(Data in this exercise begins)

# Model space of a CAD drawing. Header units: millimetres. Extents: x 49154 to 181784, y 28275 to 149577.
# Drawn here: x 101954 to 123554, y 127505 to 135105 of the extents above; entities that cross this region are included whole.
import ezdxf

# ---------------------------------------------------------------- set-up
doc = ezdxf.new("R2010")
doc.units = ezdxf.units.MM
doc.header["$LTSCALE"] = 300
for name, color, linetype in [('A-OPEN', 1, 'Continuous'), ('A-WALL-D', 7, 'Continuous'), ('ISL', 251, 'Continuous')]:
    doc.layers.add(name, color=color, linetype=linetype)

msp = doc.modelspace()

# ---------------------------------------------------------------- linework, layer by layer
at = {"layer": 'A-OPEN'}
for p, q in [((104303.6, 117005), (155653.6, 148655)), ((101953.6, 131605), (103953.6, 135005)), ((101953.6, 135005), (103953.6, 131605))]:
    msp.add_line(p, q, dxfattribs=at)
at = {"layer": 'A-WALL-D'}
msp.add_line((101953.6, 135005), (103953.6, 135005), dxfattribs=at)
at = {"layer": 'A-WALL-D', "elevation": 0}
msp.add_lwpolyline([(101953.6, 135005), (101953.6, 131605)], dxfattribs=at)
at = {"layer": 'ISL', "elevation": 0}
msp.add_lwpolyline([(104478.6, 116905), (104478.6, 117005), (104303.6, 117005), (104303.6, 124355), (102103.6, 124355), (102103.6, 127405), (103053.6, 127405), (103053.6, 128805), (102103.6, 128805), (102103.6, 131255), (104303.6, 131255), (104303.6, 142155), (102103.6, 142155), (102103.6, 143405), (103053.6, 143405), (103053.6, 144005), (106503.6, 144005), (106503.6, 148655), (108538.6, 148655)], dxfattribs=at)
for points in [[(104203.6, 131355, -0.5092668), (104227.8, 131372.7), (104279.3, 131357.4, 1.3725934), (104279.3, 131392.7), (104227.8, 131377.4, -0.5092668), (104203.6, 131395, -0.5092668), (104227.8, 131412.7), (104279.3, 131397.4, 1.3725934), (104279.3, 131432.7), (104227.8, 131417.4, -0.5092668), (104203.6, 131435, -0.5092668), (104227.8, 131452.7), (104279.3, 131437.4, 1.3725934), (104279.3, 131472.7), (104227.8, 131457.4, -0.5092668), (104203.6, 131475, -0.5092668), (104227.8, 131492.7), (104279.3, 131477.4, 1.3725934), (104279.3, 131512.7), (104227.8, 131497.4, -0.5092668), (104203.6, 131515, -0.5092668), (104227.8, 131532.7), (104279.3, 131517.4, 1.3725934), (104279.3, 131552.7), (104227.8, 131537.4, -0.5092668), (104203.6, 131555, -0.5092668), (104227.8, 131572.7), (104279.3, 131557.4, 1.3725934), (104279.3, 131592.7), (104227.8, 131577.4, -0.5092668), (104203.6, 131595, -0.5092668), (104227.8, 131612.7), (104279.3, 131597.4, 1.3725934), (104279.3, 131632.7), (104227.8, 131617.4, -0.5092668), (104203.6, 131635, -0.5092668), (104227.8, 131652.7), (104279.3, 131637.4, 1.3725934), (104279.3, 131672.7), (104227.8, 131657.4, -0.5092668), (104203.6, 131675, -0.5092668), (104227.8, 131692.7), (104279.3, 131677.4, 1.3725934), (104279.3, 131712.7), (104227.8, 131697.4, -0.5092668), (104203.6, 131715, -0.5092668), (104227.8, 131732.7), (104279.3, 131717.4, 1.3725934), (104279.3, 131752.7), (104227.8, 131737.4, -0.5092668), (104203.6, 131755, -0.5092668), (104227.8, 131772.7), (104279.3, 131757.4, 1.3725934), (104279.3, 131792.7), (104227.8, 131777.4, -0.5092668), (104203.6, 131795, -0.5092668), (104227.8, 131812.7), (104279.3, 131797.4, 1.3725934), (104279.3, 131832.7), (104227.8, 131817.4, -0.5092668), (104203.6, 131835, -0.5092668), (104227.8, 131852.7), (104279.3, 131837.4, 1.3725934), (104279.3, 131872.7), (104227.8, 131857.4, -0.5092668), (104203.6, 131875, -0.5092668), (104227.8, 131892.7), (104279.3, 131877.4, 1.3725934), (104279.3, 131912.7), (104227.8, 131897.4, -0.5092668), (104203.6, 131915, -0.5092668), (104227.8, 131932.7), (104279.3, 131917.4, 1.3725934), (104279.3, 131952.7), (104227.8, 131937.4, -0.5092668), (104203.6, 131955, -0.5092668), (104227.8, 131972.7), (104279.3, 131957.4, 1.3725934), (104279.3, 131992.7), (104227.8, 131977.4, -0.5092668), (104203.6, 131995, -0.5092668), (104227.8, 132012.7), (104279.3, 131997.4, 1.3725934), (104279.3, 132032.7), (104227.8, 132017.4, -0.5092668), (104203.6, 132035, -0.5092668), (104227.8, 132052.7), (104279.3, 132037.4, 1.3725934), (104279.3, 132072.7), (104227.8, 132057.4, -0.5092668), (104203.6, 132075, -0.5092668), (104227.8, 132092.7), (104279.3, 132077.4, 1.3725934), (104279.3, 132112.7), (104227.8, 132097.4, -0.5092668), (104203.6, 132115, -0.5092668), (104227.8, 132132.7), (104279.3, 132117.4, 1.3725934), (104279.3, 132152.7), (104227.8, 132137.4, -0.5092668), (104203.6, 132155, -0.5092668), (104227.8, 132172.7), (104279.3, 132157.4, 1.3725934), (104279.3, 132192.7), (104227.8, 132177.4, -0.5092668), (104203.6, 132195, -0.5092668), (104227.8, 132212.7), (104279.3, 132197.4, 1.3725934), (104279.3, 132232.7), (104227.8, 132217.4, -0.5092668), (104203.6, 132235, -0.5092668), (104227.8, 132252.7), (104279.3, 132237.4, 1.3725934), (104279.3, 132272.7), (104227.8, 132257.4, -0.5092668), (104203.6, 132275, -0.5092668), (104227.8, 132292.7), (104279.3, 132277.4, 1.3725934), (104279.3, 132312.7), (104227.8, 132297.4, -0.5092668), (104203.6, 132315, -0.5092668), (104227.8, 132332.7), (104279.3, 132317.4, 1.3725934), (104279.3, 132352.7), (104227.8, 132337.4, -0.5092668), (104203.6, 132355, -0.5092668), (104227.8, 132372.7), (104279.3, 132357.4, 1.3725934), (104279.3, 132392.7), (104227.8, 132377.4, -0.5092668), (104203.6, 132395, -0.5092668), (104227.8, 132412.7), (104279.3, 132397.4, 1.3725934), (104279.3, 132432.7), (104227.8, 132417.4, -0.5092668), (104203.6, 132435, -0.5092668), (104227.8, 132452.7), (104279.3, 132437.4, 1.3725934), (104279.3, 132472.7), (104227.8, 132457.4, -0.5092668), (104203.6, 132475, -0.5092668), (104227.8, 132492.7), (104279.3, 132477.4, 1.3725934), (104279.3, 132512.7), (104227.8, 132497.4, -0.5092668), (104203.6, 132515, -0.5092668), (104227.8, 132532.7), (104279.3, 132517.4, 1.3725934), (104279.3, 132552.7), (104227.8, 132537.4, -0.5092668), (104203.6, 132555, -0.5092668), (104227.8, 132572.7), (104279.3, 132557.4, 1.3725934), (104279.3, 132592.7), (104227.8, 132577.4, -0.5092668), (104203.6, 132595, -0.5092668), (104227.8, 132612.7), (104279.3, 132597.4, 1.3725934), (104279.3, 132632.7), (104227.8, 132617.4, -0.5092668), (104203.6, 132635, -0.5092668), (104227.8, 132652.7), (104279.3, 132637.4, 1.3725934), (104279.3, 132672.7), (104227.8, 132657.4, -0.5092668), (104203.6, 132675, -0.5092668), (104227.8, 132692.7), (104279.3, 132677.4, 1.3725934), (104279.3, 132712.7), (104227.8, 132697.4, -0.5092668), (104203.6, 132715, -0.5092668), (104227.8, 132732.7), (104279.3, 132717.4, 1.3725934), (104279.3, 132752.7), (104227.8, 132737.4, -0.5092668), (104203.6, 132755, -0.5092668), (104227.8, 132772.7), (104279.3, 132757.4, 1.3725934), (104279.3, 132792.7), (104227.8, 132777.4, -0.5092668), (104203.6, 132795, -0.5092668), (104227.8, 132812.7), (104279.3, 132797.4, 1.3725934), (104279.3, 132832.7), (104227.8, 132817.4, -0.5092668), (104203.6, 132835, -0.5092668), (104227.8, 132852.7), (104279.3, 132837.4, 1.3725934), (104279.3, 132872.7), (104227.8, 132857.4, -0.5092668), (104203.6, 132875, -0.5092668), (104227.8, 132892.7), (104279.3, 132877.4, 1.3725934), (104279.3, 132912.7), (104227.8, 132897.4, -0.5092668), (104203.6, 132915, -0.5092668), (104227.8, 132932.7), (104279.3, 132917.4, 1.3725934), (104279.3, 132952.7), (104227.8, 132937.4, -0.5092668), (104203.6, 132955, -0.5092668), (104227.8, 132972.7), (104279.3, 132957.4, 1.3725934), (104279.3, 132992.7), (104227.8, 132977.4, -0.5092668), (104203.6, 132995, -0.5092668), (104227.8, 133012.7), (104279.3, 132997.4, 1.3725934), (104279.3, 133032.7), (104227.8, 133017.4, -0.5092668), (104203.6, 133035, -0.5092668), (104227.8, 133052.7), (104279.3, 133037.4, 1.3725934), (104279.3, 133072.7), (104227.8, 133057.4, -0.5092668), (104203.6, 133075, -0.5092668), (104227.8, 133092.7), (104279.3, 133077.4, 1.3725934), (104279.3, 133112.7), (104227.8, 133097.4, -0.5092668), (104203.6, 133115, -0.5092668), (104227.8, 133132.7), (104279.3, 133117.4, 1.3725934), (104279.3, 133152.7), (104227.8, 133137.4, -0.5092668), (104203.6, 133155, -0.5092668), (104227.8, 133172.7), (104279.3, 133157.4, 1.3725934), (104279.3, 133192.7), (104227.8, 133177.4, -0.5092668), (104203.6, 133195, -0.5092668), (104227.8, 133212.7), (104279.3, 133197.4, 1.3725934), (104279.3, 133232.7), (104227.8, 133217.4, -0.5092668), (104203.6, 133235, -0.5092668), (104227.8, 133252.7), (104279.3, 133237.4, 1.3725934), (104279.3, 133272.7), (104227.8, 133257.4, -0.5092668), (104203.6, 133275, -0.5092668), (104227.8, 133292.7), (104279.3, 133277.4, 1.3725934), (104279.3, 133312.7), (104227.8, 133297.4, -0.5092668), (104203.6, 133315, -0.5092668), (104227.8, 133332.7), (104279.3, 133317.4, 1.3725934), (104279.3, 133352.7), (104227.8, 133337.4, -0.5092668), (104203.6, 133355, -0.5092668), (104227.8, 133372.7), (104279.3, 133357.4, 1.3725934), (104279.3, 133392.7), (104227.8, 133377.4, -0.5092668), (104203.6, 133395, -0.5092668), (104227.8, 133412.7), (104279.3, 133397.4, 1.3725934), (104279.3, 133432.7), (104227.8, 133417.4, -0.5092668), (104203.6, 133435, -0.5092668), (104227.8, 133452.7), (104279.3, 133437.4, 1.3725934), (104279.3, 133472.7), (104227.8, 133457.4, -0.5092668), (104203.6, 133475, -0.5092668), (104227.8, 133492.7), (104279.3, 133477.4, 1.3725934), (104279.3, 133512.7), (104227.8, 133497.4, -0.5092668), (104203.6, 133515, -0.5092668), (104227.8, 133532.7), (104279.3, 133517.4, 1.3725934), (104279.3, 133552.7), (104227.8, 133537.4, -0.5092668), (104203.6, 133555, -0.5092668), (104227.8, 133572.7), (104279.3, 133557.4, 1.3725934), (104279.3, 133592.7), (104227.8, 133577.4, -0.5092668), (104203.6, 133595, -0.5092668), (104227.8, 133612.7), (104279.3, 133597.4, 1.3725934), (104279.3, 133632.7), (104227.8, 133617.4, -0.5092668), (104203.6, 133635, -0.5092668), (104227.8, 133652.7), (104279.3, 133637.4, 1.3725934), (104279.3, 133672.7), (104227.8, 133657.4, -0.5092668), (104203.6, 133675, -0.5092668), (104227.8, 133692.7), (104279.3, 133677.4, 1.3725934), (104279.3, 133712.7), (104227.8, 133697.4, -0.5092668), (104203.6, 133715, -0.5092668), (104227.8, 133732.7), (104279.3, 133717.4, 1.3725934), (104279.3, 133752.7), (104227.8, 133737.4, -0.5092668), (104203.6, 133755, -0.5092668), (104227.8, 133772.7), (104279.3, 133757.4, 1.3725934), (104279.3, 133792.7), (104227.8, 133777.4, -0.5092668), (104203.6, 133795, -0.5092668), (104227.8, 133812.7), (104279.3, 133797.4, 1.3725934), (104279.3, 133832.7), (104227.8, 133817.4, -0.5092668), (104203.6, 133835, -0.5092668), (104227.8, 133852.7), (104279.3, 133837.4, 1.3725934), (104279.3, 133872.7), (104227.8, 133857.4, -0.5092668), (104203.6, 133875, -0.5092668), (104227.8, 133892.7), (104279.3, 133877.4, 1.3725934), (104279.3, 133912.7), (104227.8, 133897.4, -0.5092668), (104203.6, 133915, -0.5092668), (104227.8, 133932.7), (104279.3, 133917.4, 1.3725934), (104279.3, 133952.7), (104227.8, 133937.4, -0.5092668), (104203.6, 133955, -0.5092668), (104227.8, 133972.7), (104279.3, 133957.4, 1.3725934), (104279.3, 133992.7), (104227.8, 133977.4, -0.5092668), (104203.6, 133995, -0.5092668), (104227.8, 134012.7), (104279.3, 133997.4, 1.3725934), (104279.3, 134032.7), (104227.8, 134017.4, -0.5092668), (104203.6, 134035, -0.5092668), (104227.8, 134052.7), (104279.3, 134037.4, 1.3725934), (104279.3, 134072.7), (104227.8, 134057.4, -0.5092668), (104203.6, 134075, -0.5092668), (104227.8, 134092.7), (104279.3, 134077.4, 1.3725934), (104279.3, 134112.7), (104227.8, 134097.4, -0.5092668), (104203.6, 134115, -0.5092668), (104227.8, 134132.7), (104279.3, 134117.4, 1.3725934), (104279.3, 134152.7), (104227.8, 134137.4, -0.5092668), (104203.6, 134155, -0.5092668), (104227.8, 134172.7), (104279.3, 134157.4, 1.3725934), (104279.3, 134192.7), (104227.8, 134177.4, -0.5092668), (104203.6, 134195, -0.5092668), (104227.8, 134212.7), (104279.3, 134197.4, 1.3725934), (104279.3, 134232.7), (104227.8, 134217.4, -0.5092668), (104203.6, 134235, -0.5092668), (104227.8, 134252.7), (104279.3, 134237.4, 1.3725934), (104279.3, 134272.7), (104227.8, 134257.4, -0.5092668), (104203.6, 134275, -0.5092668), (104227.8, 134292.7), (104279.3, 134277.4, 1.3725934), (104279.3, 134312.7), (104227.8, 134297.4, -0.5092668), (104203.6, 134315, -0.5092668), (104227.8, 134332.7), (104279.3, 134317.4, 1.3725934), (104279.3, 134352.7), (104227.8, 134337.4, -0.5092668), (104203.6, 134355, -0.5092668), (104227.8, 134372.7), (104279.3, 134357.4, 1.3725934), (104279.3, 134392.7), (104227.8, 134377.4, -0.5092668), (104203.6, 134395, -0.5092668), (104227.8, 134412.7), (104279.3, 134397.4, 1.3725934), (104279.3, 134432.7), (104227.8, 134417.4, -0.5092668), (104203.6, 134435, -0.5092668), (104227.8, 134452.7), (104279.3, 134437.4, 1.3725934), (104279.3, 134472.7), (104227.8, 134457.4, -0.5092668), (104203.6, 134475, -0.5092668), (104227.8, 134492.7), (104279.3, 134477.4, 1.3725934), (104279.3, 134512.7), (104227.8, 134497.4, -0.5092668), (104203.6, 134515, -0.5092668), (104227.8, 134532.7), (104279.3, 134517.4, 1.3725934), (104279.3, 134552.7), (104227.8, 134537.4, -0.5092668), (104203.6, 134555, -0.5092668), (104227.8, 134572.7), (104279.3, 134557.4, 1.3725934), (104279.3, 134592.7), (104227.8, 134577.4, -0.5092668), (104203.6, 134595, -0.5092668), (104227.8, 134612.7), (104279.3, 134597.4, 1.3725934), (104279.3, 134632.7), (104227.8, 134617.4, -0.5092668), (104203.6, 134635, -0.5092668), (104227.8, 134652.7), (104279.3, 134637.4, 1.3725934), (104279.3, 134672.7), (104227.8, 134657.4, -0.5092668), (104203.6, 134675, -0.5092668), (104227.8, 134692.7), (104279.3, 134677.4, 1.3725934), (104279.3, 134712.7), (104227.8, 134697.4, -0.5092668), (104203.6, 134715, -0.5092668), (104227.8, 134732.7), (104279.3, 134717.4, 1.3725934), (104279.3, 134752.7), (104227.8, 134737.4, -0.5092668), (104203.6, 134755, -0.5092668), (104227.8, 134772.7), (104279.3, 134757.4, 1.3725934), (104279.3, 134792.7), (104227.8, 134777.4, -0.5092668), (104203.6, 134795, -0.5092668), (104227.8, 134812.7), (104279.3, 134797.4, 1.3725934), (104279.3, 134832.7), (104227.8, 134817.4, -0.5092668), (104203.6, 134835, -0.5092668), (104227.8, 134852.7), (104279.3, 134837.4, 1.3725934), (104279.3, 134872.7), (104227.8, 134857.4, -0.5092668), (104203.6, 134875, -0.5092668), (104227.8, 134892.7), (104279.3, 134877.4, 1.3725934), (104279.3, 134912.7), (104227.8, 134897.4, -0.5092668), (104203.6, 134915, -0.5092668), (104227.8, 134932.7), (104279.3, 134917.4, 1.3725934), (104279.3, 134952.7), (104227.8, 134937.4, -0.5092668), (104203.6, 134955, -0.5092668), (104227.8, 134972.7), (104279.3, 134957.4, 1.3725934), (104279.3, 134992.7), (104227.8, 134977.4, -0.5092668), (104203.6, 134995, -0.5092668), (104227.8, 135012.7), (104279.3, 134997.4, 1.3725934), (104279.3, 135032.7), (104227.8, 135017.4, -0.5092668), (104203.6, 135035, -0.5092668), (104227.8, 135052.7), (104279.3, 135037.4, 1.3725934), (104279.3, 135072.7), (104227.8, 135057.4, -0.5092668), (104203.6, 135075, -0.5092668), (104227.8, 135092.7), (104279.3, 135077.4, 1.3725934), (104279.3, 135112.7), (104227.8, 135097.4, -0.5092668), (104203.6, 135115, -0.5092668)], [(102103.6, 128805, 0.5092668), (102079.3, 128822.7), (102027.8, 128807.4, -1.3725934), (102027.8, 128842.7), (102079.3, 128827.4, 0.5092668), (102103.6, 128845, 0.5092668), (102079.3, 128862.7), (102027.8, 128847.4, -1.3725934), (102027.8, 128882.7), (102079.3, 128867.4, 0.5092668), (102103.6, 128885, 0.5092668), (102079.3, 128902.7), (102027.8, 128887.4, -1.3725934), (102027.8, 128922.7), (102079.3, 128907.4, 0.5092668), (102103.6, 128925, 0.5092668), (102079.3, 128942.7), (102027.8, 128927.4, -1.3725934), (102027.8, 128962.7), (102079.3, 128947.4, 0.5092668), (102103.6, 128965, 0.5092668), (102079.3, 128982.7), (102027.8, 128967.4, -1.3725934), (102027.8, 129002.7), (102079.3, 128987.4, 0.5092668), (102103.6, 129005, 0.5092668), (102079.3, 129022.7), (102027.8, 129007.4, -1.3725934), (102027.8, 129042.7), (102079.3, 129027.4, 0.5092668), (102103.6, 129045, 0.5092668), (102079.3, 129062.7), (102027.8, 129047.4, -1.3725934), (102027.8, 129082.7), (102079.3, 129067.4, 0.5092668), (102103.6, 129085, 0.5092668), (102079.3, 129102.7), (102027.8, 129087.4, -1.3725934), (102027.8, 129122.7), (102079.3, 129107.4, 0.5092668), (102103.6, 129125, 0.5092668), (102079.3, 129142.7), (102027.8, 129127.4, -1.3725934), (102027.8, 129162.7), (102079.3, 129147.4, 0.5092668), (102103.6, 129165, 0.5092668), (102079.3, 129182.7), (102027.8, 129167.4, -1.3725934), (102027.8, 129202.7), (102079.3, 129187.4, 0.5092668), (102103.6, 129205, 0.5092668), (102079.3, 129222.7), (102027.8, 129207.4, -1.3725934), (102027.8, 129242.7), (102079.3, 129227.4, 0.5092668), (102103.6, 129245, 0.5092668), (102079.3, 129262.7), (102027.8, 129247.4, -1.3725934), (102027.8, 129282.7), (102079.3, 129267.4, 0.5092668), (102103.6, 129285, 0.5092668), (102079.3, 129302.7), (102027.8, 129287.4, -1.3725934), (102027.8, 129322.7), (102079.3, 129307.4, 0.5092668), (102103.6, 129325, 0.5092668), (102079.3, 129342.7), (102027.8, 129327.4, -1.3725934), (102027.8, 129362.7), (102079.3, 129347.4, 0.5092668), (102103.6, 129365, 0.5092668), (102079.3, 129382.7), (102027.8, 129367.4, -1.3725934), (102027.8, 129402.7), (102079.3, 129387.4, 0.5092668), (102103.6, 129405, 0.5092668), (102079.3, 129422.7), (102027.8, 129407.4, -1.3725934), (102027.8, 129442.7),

(Data in this exercise ends)

**Instructions for the task**
Each line above from the one with "msp = doc.modelspace()" up to and including the one with "(103953.6, 135005), dxfattribs=at)" must be set down exactly, and no line outside that span may appear.

**Problem solution**
msp = doc.modelspace()

# ---------------------------------------------------------------- linework, layer by layer
at = {"layer": 'A-OPEN'}
for p, q in [((104303.6, 117005), (155653.6, 148655)), ((101953.6, 131605), (103953.6, 135005)), ((101953.6, 135005), (103953.6, 131605))]:
    msp.add_line(p, q, dxfattribs=at)
at = {"layer": 'A-WALL-D'}
msp.add_line((101953.6, 135005), (103953.6, 135005), dxfattribs=at)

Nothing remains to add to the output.